What the task asks ▸
Show all lines from the data that include the word "BuildPart".

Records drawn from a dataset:
━━━━━━━━━━━━━━━━━━━━━━━━━━━━━━

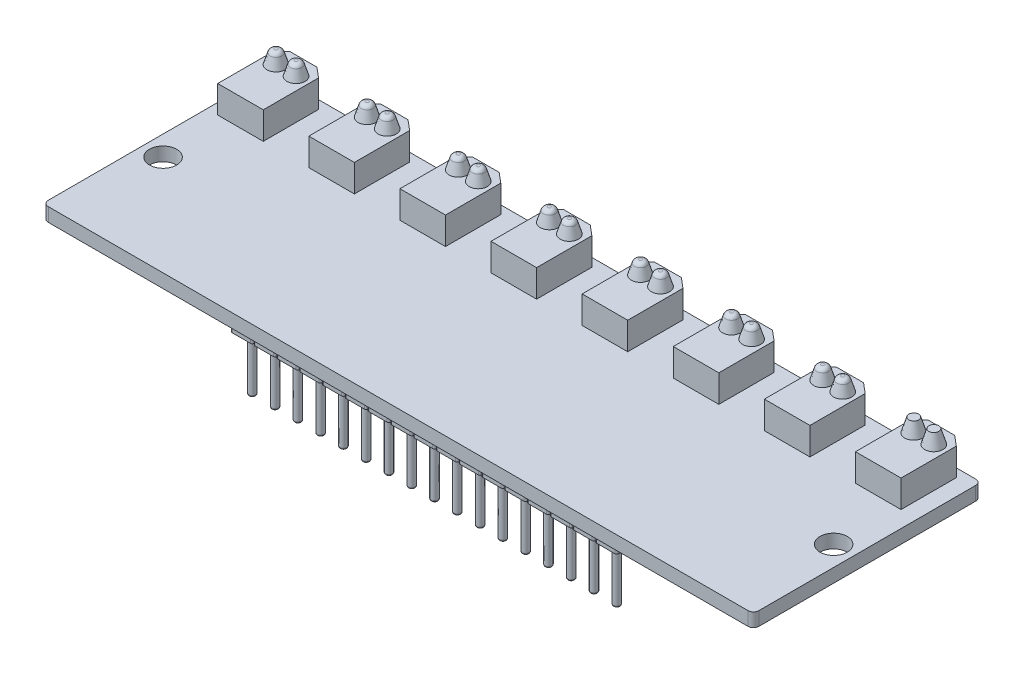
from build123d import *

# Parameters (mm, degrees)
SKETCH1_W                      = 78
SKETCH1_H                      = 25
BOSS_EXTRUDE1_DEPTH            = 1.5
FILLET1_R                      = 0.6
SKETCH2_R                      = 1.5
CUT_EXTRUDE1_DEPTH             = 1.5
BOSS_EXTRUDE2_DEPTH            = 3
SKETCH4_R                      = 1
BOSS_EXTRUDE7_DEPTH            = 1.5
BOSS_EXTRUDE7_DRAFT            = 17
BOSS_EXTRUDE7_PROFILE_2_DEPTH  = 1.5
BOSS_EXTRUDE7_PROFILE_2_DRAFT  = 17
BOSS_EXTRUDE7_PROFILE_3_DEPTH  = 1.5
BOSS_EXTRUDE7_PROFILE_3_DRAFT  = 17
BOSS_EXTRUDE7_PROFILE_4_DEPTH  = 1.5
BOSS_EXTRUDE7_PROFILE_4_DRAFT  = 17
BOSS_EXTRUDE7_PROFILE_5_DEPTH  = 1.5
BOSS_EXTRUDE7_PROFILE_5_DRAFT  = 17
BOSS_EXTRUDE7_PROFILE_6_DEPTH  = 1.5
BOSS_EXTRUDE7_PROFILE_6_DRAFT  = 17
BOSS_EXTRUDE7_PROFILE_7_DEPTH  = 1.5
BOSS_EXTRUDE7_PROFILE_7_DRAFT  = 17
BOSS_EXTRUDE7_PROFILE_8_DEPTH  = 1.5
BOSS_EXTRUDE7_PROFILE_8_DRAFT  = 17
BOSS_EXTRUDE7_PROFILE_9_DEPTH  = 1.5
BOSS_EXTRUDE7_PROFILE_9_DRAFT  = 17
BOSS_EXTRUDE7_PROFILE_10_DEPTH = 1.5
BOSS_EXTRUDE7_PROFILE_10_DRAFT = 17
BOSS_EXTRUDE7_PROFILE_11_DEPTH = 1.5
BOSS_EXTRUDE7_PROFILE_11_DRAFT = 17
BOSS_EXTRUDE7_PROFILE_12_DEPTH = 1.5
BOSS_EXTRUDE7_PROFILE_12_DRAFT = 17
BOSS_EXTRUDE7_PROFILE_13_DEPTH = 1.5
BOSS_EXTRUDE7_PROFILE_13_DRAFT = 17
BOSS_EXTRUDE7_PROFILE_14_DEPTH = 1.5
BOSS_EXTRUDE7_PROFILE_14_DRAFT = 17
BOSS_EXTRUDE7_PROFILE_15_DEPTH = 1.5
BOSS_EXTRUDE7_PROFILE_15_DRAFT = 17
BOSS_EXTRUDE7_PROFILE_16_DEPTH = 1.5
BOSS_EXTRUDE7_PROFILE_16_DRAFT = 17
FILLET4_R                      = 0.5
SKETCH5_W                      = 2.4
SKETCH5_H                      = 2.4
BOSS_EXTRUDE12_DEPTH           = 2
SKETCH6_R                      = 0.375
BOSS_EXTRUDE13_DEPTH           = 6
FILLET5_R                      = 0.2
FILLET7_R                      = 0.2
FILLET8_R                      = 0.2


with BuildPart() as part:
    # Sketch1 → Boss-Extrude1 (new body)
    with BuildSketch(Plane(origin=(0, 0, 0), x_dir=(1, 0, 0), z_dir=(0, 1, 0))):
        Rectangle(SKETCH1_W, SKETCH1_H)
    extrude(amount=BOSS_EXTRUDE1_DEPTH)

    # Fillet1
    fillet1_edges = [part.edges().sort_by_distance(p)[0] for p in [
        (-39, 0.75, -12.5),
        (39, 0.75, -12.5),
        (39, 0.75, 12.5),
        (-39, 0.75, 12.5),
    ]]
    fillet(fillet1_edges, radius=FILLET1_R)

    # Sketch2 → Cut-Extrude1 (cut)
    with BuildSketch(Plane(origin=(0, 1.5, 0), x_dir=(1, 0, 0), z_dir=(0, 1, 0))):
        with Locations(Location((-36.8, -1.5, 0), (0, 0, 270))):
            Circle(SKETCH2_R)
        with Locations(Location((36.8, -1.5, 0), (0, 0, 90))):
            Circle(SKETCH2_R)
    extrude(amount=-CUT_EXTRUDE1_DEPTH, mode=Mode.SUBTRACT)

    # Sketch3 → Boss-Extrude2 (add)
    with BuildSketch(Plane(origin=(0, 1.5, 0), x_dir=(1, 0, 0), z_dir=(0, 1, 0))):
        Polygon((-36.866761268, 12.5), (-33.913958089, 12.5), (-32.8, 11.566761268), (-32.8, 5.5), (-37.8, 5.5), (-37.8, 11.566761268), align=None)
        Polygon((-22.8, 11.566761268), (-22.8, 5.5), (-27.8, 5.5), (-27.8, 11.566761268), (-26.866761268, 12.5), (-23.913958089, 12.5), align=None)
        Polygon((-12.8, 11.566761268), (-12.8, 5.5), (-17.8, 5.5), (-17.8, 11.566761268), (-16.866761268, 12.5), (-13.913958089, 12.5), align=None)
        Polygon((-2.8, 11.566761268), (-2.8, 5.5), (-7.8, 5.5), (-7.8, 11.566761268), (-6.866761268, 12.5), (-3.913958089, 12.5), align=None)
        Polygon((7.2, 11.566761268), (7.2, 5.5), (2.2, 5.5), (2.2, 11.566761268), (3.133238732, 12.5), (6.086041911, 12.5), align=None)
        Polygon((17.2, 11.566761268), (17.2, 5.5), (12.2, 5.5), (12.2, 11.566761268), (13.133238732, 12.5), (16.086041911, 12.5), align=None)
        Polygon((27.2, 11.566761268), (27.2, 5.5), (22.2, 5.5), (22.2, 11.566761268), (23.133238732, 12.5), (26.086041911, 12.5), align=None)
        Polygon((37.2, 11.566761268), (37.2, 5.5), (32.2, 5.5), (32.2, 11.566761268), (33.133238732, 12.5), (36.086041911, 12.5), align=None)
    extrude(amount=BOSS_EXTRUDE2_DEPTH)


with BuildPart() as boss_extrude7_tool:
    # Sketch4 → Boss-Extrude7 (with draft: the straight prism first)
    with BuildSketch(Plane(origin=(0, 4.5, 0), x_dir=(1, 0, 0), z_dir=(0, 1, 0))):
        with Locations((-36.4, 10.499601384)):
            Circle(SKETCH4_R)
    extrude(amount=BOSS_EXTRUDE7_DEPTH)
    # Boss-Extrude7: the draft: its side faces are tilted about the plane it starts from
    boss_extrude7_sides = [boss_extrude7_tool.faces().sort_by_distance(p)[0] for p in [
        (-37.4, 5.25, -10.499601384),
    ]]
    draft(boss_extrude7_sides, Plane(origin=(0, 4.5, 0), x_dir=(1, 0, 0), z_dir=(0, 1, 0)), BOSS_EXTRUDE7_DRAFT)


with BuildPart() as part_1:
    add(part.part)

    # Boss-Extrude7: add boss_extrude7_tool
    add(boss_extrude7_tool.part)


with BuildPart() as boss_extrude7_profile_2_tool:
    # Sketch4 → Boss-Extrude7 profile 2 (with draft: the straight prism first)
    with BuildSketch(Plane(origin=(0, 4.5, 0), x_dir=(1, 0, 0), z_dir=(0, 1, 0))):
        with Locations((-34.2, 10.499601384)):
            Circle(SKETCH4_R)
    extrude(amount=BOSS_EXTRUDE7_PROFILE_2_DEPTH)
    # Boss-Extrude7 profile 2: the draft: its side faces are tilted about the plane it starts from
    boss_extrude7_profile_2_sides = [boss_extrude7_profile_2_tool.faces().sort_by_distance(p)[0] for p in [
        (-35.2, 5.25, -10.499601384),
    ]]
    draft(boss_extrude7_profile_2_sides, Plane(origin=(0, 4.5, 0), x_dir=(1, 0, 0), z_dir=(0, 1, 0)), BOSS_EXTRUDE7_PROFILE_2_DRAFT)


with BuildPart() as part_2:
    add(part_1.part)

    # Boss-Extrude7 profile 2: add boss_extrude7_profile_2_tool
    add(boss_extrude7_profile_2_tool.part)


with BuildPart() as boss_extrude7_profile_3_tool:
    # Sketch4 → Boss-Extrude7 profile 3 (with draft: the straight prism first)
    with BuildSketch(Plane(origin=(0, 4.5, 0), x_dir=(1, 0, 0), z_dir=(0, 1, 0))):
        with Locations((-26.4, 10.499601384)):
            Circle(SKETCH4_R)
    extrude(amount=BOSS_EXTRUDE7_PROFILE_3_DEPTH)
    # Boss-Extrude7 profile 3: the draft: its side faces are tilted about the plane it starts from
    boss_extrude7_profile_3_sides = [boss_extrude7_profile_3_tool.faces().sort_by_distance(p)[0] for p in [
        (-27.4, 5.25, -10.499601384),
    ]]
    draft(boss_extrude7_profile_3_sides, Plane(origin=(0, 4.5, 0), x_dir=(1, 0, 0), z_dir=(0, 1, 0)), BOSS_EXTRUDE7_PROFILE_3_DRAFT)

━━━━━━━━━━━━━━━━━━━━━━━━━━━━━━

Expected answer ▸
with BuildPart() as part:
with BuildPart() as boss_extrude7_tool:
with BuildPart() as part_1:
with BuildPart() as boss_extrude7_profile_2_tool:
with BuildPart() as part_2:
with BuildPart() as boss_extrude7_profile_3_tool:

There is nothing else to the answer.